ACTION ITEM — Wherever "color" shows up in the records below, copy the whole line.

Records excerpted from a collection —
━━━━━━━━━━━━━━━━
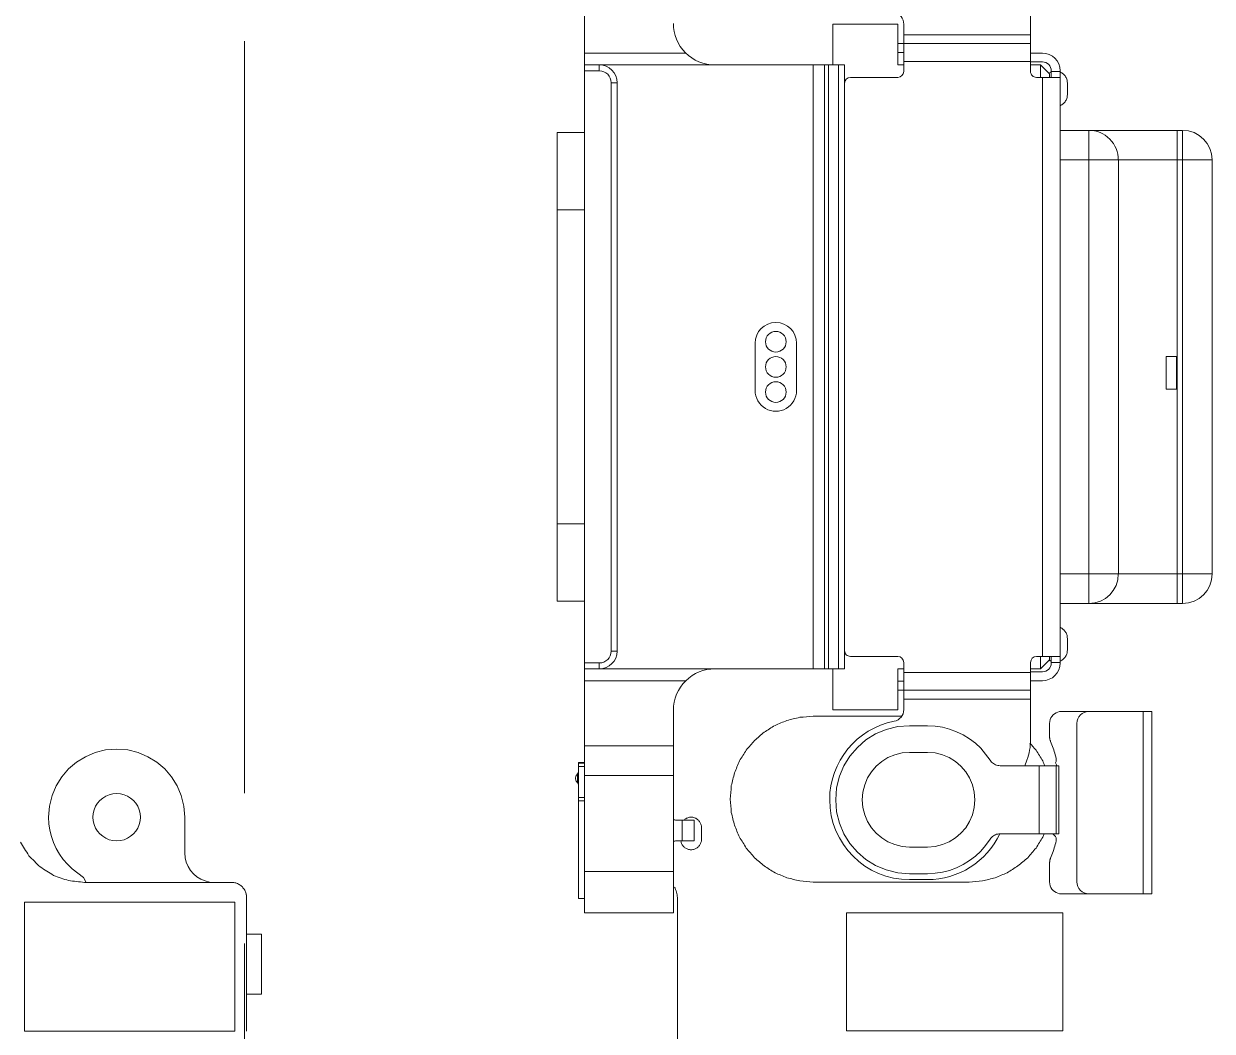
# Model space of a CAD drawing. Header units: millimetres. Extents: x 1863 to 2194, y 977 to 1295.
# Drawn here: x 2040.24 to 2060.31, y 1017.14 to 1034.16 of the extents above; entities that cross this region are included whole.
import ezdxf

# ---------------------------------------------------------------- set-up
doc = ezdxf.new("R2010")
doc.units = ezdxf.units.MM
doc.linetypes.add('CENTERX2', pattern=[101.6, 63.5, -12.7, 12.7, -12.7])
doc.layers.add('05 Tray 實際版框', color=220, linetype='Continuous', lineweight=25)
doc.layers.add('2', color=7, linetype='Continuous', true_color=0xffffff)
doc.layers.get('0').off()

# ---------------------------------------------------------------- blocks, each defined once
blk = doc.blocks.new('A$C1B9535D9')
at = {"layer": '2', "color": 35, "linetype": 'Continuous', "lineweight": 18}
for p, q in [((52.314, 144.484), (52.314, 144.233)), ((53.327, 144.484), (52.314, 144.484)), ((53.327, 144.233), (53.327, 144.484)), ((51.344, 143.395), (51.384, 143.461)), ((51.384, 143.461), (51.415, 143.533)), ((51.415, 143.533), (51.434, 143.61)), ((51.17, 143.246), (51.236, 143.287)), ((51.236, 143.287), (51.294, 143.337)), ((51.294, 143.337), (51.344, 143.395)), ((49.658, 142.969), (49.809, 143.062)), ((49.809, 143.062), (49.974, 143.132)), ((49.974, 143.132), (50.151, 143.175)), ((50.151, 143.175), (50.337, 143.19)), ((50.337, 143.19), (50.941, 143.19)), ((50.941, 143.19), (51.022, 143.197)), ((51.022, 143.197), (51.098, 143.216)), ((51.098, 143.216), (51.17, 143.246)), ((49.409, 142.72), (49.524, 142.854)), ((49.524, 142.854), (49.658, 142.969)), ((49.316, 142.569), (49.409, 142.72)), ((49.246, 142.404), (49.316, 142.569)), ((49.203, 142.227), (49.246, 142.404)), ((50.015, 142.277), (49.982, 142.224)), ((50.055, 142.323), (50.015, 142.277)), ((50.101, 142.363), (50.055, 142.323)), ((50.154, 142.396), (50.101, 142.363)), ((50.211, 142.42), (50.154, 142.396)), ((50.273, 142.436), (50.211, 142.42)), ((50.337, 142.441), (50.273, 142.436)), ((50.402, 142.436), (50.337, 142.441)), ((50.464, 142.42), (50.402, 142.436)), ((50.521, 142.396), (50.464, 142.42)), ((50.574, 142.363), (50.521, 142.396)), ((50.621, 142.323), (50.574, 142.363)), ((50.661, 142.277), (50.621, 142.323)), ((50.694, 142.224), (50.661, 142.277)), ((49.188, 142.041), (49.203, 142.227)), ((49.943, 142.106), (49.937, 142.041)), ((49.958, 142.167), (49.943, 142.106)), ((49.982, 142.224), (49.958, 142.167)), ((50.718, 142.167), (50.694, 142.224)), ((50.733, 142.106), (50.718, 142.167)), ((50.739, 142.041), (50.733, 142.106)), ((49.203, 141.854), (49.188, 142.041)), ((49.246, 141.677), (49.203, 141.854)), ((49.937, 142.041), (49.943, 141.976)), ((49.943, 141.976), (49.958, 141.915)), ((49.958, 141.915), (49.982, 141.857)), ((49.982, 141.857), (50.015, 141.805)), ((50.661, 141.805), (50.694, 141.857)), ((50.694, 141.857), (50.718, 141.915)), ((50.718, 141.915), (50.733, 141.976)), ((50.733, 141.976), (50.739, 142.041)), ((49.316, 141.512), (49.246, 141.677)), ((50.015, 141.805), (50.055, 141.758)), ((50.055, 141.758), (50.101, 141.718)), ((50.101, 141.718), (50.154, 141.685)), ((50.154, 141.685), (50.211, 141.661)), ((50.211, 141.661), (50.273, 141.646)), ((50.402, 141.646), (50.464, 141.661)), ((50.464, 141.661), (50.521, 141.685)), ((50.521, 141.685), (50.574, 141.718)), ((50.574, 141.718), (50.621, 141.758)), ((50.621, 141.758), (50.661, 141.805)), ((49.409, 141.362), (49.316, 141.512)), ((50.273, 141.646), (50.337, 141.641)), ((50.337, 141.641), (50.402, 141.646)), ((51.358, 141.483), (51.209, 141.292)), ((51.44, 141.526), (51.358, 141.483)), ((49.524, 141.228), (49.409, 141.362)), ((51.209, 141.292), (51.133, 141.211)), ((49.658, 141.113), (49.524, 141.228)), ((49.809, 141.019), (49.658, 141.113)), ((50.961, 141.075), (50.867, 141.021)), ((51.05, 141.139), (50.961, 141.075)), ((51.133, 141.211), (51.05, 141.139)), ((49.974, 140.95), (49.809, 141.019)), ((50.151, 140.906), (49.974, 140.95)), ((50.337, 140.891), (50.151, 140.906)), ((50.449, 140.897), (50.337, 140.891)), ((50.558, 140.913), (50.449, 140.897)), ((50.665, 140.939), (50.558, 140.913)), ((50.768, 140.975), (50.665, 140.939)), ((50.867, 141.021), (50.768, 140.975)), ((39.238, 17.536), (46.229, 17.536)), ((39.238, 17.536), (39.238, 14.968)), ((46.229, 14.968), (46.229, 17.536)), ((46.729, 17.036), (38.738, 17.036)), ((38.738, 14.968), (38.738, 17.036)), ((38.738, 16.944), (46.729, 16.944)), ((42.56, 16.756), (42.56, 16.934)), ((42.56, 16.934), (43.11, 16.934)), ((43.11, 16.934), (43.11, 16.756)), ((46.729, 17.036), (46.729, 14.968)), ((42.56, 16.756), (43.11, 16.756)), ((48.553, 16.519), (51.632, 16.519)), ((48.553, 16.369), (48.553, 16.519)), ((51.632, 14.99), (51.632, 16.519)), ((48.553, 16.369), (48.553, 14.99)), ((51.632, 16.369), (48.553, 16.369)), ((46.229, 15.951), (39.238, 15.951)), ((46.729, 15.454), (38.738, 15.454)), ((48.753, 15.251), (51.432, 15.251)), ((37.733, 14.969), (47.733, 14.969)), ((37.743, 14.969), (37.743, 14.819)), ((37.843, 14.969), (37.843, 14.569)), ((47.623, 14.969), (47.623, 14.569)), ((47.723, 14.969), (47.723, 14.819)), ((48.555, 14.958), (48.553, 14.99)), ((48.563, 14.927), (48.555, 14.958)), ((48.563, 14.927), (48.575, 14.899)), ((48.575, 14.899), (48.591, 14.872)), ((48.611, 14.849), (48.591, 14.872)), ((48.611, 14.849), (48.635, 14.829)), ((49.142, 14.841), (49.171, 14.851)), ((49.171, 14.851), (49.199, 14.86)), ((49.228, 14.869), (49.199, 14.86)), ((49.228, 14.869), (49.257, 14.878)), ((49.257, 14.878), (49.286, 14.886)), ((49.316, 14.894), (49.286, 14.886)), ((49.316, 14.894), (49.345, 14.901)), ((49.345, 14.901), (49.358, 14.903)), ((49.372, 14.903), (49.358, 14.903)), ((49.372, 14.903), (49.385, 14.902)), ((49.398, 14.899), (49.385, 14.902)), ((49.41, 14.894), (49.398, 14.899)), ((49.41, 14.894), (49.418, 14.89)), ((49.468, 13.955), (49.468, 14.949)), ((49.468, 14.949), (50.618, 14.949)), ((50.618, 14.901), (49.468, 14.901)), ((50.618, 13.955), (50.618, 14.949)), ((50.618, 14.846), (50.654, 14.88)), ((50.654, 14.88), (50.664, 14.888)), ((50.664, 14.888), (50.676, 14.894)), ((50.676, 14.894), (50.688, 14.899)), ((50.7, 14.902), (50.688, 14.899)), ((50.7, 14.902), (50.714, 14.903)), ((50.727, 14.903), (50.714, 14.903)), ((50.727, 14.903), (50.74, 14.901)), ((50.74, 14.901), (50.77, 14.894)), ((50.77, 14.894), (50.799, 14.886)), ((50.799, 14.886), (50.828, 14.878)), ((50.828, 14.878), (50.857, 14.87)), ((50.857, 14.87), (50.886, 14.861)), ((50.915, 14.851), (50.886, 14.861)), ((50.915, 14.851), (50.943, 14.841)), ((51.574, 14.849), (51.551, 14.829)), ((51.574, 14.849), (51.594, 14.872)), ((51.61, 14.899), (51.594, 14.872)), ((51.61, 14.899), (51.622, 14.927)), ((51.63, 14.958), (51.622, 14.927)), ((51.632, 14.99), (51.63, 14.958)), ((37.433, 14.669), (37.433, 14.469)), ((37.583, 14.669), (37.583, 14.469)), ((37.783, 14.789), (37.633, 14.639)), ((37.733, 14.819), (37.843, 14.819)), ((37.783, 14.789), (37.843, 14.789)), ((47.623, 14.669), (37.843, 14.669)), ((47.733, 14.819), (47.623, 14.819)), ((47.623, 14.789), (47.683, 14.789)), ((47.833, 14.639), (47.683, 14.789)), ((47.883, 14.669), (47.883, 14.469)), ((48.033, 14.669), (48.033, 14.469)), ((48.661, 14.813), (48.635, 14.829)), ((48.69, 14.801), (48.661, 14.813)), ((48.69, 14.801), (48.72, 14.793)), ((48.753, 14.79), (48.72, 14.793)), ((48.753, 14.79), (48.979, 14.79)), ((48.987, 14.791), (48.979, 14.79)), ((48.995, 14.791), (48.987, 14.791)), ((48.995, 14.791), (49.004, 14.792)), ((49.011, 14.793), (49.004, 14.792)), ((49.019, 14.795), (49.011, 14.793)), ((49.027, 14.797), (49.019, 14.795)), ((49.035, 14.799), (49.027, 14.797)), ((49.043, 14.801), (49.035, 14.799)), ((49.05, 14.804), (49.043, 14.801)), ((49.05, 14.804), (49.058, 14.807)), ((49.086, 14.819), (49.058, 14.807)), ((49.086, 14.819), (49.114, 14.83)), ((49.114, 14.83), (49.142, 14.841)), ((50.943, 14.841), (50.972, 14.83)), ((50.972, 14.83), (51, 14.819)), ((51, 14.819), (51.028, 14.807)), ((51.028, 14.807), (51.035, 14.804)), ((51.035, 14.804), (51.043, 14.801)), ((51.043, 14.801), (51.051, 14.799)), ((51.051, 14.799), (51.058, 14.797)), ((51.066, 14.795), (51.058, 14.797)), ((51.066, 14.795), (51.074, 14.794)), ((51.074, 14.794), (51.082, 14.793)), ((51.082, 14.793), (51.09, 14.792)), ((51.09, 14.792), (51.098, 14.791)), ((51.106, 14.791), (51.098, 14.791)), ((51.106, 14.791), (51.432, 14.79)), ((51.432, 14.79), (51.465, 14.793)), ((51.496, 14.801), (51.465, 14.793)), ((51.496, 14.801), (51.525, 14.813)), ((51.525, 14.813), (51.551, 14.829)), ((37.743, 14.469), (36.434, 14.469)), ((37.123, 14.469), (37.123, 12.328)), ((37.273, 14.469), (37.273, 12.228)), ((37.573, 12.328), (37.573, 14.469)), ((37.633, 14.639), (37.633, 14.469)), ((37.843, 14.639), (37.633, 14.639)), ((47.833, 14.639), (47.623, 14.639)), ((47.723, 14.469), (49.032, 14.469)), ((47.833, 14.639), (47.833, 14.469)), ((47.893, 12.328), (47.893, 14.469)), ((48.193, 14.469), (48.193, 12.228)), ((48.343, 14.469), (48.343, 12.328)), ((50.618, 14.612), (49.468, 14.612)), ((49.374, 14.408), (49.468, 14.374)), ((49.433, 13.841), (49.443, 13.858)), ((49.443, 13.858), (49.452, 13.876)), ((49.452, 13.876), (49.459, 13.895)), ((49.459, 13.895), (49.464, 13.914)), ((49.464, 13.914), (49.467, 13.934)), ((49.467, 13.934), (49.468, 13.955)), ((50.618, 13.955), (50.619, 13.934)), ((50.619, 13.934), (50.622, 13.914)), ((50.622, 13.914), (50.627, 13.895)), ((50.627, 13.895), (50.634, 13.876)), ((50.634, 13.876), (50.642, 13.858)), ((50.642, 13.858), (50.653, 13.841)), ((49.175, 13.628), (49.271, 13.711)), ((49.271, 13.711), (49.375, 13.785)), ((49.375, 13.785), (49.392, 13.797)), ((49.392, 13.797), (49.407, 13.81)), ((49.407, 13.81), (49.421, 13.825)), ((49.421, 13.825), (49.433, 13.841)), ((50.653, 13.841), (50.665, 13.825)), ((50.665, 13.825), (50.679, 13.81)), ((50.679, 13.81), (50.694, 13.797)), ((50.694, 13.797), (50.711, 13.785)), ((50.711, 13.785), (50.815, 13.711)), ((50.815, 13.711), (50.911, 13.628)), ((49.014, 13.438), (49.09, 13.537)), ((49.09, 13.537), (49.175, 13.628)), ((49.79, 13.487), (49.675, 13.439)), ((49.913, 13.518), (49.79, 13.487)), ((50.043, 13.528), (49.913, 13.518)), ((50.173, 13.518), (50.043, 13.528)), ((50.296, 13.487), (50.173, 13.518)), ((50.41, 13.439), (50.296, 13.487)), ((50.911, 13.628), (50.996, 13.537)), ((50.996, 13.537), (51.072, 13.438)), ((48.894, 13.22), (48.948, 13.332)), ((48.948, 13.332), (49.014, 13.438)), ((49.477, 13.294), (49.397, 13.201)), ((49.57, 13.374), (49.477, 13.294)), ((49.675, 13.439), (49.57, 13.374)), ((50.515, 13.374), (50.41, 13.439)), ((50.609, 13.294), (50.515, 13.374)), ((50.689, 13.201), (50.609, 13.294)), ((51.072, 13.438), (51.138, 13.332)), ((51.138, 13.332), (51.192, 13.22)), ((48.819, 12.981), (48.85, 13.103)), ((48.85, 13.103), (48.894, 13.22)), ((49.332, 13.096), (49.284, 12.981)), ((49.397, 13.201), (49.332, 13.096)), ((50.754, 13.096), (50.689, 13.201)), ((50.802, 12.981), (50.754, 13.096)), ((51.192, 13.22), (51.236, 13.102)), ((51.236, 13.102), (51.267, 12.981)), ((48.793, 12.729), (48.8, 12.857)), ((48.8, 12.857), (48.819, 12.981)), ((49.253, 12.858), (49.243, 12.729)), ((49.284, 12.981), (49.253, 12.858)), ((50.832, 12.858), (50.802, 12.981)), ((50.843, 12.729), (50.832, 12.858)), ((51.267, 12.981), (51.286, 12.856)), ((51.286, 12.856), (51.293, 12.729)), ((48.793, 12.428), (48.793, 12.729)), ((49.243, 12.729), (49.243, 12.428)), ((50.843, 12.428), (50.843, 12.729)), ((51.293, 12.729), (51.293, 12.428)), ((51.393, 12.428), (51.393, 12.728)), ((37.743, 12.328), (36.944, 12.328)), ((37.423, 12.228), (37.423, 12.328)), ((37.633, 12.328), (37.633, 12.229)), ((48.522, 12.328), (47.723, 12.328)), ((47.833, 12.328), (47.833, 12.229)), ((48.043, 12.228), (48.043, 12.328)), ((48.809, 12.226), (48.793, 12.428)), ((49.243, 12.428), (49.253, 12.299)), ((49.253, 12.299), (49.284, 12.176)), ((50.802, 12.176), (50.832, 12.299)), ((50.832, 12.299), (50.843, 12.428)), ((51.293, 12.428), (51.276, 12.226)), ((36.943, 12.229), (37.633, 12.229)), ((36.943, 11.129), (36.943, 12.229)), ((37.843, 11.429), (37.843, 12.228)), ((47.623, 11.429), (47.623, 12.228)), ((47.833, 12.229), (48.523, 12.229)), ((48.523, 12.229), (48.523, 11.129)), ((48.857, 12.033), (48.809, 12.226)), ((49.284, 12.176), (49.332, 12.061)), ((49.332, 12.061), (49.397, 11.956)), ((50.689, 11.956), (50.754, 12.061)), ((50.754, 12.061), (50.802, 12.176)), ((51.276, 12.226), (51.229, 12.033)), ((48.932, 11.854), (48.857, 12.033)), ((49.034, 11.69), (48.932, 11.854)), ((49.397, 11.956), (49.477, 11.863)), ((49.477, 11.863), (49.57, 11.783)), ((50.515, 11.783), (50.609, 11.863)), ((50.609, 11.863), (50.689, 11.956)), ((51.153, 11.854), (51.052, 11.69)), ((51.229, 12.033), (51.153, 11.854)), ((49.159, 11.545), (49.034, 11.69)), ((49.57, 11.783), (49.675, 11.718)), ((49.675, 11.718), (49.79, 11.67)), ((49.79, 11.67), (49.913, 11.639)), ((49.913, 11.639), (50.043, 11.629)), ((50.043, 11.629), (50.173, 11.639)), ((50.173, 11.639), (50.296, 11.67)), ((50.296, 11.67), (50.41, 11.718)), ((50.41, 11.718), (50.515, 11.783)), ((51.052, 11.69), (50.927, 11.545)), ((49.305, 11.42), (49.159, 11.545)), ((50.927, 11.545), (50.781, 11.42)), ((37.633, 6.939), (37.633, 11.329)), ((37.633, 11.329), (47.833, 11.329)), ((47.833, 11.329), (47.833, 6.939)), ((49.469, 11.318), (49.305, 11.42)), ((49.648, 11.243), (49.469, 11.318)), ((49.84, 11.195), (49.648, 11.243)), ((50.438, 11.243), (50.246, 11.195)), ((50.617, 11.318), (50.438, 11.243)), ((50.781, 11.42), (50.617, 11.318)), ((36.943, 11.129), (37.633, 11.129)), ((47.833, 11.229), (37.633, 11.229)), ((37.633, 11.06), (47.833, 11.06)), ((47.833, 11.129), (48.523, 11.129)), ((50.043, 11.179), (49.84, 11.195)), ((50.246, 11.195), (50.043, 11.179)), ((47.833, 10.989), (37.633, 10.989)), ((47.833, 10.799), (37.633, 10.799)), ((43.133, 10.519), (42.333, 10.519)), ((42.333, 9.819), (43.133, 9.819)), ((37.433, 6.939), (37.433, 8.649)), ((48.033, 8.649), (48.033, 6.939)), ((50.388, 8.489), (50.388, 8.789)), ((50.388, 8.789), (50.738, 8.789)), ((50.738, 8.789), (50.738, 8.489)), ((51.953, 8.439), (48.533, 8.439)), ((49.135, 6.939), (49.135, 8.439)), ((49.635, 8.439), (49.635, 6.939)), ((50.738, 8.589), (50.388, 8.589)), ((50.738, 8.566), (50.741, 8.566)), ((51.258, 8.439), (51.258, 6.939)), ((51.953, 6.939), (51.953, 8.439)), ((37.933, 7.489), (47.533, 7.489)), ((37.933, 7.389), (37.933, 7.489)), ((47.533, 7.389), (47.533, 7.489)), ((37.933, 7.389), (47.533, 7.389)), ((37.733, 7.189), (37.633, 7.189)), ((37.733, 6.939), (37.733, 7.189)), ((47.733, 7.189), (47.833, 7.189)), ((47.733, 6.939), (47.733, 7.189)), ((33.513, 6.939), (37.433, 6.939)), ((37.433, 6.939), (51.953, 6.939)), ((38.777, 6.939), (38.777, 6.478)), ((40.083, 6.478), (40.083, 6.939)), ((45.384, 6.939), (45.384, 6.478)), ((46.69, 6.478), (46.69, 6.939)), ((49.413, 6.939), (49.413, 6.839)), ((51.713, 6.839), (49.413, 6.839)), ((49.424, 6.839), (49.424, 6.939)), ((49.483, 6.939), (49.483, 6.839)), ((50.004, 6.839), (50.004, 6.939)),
━━━━━━━━━━━━━━━━
EXPECTED ANSWER —
doc.layers.add('05 Tray 實際版框', color=220, linetype='Continuous', lineweight=25)
doc.layers.add('2', color=7, linetype='Continuous', true_color=0xffffff)
at = {"layer": '2', "color": 35, "linetype": 'Continuous', "lineweight": 18}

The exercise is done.